Tienen entre 15 y 25 años, vendieron droga y robaron, algunos estuvieron presos y, ahora, quieren otra vida
Por Gabriela Origlia (La Nación)
Maldonado y Müller son parte de la zona
caliente de esta ciudad. Hay cocinas de droga y narcomenudeo. Portar armas es
común, igual que los ajustes de cuentas callejeros. En ese contexto difícil,
hay jóvenes que intentan alejarse del delito y del consumo y construir un
proyecto de vida.
La experiencia clave es aprender a vivir en
ese ambiente complejo. La concepción de quienes trabajan con ellos es que si
cumplieran tratamientos en otros lados, terminarían regresando porque en estos
barrios tienen su vida y porque no les sobran las chances de cambiar de lugar.

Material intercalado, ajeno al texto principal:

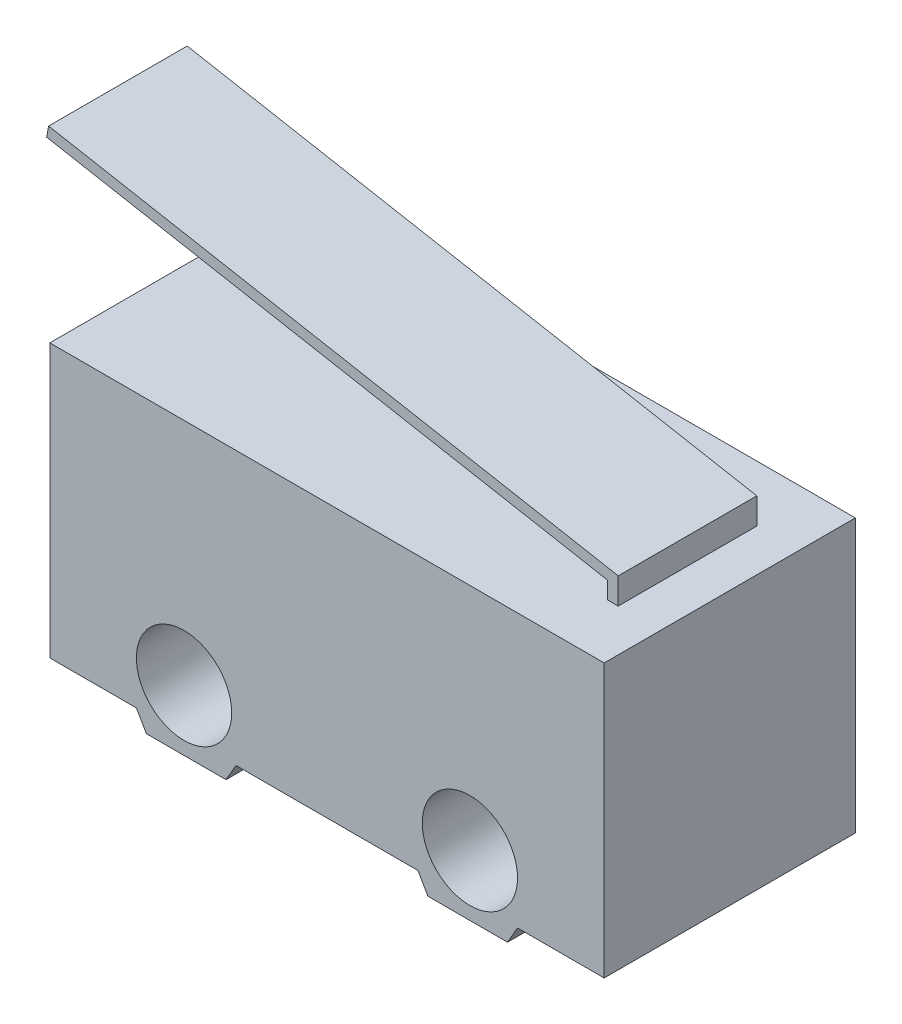
SolidWorks part; units mm, degrees
ref_plane "Front Plane" through (0, 0, 0) normal (0, 0, 1) x (1, 0, 0)
ref_plane "Top Plane" through (0, 0, 0) normal (0, 1, 0) x (1, 0, 0)
ref_plane "Right Plane" through (0, 0, 0) normal (1, 0, 0) x (0, 0, -1)
sketch "Sketch1" plane through (0, 0, 0) normal (0, 0, 1) x (1, 0, 0)
  line L1 (6.4, 3.15) -> (-6.4, 3.15)
  line L2 (6.4, 3.15) -> (6.4, -3.15)
  line L3 (6.4, -3.15) -> (-6.4, -3.15)
  line L4 (-6.4, 3.15) -> (-6.4, -3.15)
  line L5 (6.4, 3.15) -> (-6.4, -3.15) construction
  line L6 (6.4, -3.15) -> (-6.4, 3.15) construction
  point P0 (0, 0)
  dimension "D1" = 12.8
  dimension "D2" = 6.3
extrude "Boss-Extrude1" add sketch "Sketch1" along normal mid plane 5.8
sketch "Sketch2" plane through (0, 0, 2.9) normal (0, 0, 1) x (1, 0, 0)
  line L0 (0, 0) -> (0, -3.15) construction
  line L1 (-6.4, -3.15) -> (6.4, -3.15) construction
  line L2 (0, -3.15) -> (0, 0) construction
  line L3 (6.4, -3.15) -> (6.4, 3.15) construction
  line L4 (6.4, 3.15) -> (-6.4, 3.15) construction
  line L5 (-5.0881, -1.9581) -> (-4.1691, -0.3663)
  line L6 (4.1691, -0.3663) -> (2.3309, -0.3663)
  line L7 (2.3309, -0.3663) -> (1.4119, -1.9581)
  line L8 (1.4119, -1.9581) -> (2.3309, -3.55)
  line L9 (2.3309, -3.55) -> (4.1691, -3.55)
  line L10 (4.1691, -3.55) -> (5.0881, -1.9581)
  line L11 (5.0881, -1.9581) -> (4.1691, -0.3663)
  line L12 (-4.1691, -3.55) -> (-5.0881, -1.9581)
  line L13 (-2.3309, -3.55) -> (-4.1691, -3.55)
  line L14 (-1.4119, -1.9581) -> (-2.3309, -3.55)
  line L15 (-2.3309, -0.3663) -> (-1.4119, -1.9581)
  line L16 (-4.1691, -0.3663) -> (-2.3309, -0.3663)
  circle A0 centre (3.3, -2.15) radius 1.1
  circle A1 centre (-3.3, -2.15) radius 1.1
  circle A2 centre (3.25, -1.9581) radius 1.5919 construction
  circle A3 centre (-3.25, -1.9581) radius 1.5919 construction
  point P8 (2.1, -3.15)
  point P9 (4.0353, -3.15)
  point P16 (4.4, -3.15)
  point P24 (3.3, -1.7453)
  point P33 (-4.4, -3.15)
  point P34 (-2.1, -3.15)
  dimension "D1" = 4.4
  dimension "D2" = 2
  dimension "D3" = 4.2
  dimension "D4" = 4.2
  dimension "D5" = 2
  dimension "D6" = 0.4
extrude "Boss-Extrude3" add sketch "Sketch2" against normal through all contours L6 L7 L8 L9 L10 L11 | L5 L16 L15 L14 L13 L12
extrude "Cut-Extrude2" cut sketch "Sketch2<3>" against normal through all contours A1 | A0
sketch "Sketch2<3>" plane through (0, 0, 2.9) normal (0, 0, 1) x (1, 0, 0) same geometry as "Sketch2"
sketch "Sketch3" plane through (0, 0, 0) normal (0, 0, 1) x (1, 0, 0)
  line L0 (5.3, 3.65) -> (-7.75, 6.05)
  line L1 (6.4, -3.15) -> (6.4, 3.15) construction
  line L2 (-6.4, 3.15) -> (-6.4, -3.15) construction
  line L3 (-6.4, -3.15) -> (-4.4, -3.15) construction
  line L4 (6.4, 3.15) -> (-6.4, 3.15) construction
  line L5 (5.3, 3.65) -> (5.3, 3.15)
  dimension "D1" = 1.1
  dimension "D2" = 1.35
  dimension "D3" = 9.2
  dimension "D4" = 0.5
extrude "Extrude-Thin1" add sketch "Sketch3" along normal mid plane 3.2 thin thin type mid plane wall 0.25

A los 15 años, J. cuenta que antes los dos
barrios eran famosos "por el choreo" y ahora lo son "por la
droga". Dice que se consigue de todo (incluso pasta base), aunque "a
veces escasea la marihuana y (los adictos) se ponen locos; tienen que esperar
hasta los viernes que llega". Con naturalidad comenta cómo a otros dos
chicos, de 11 y 12 años, les pegaron un tiro por quedar en medio de una pelea.
Se siente "un poco a salvo" porque su papá vive desde siempre ahí y
es "respetado, así que no se meten con nosotros".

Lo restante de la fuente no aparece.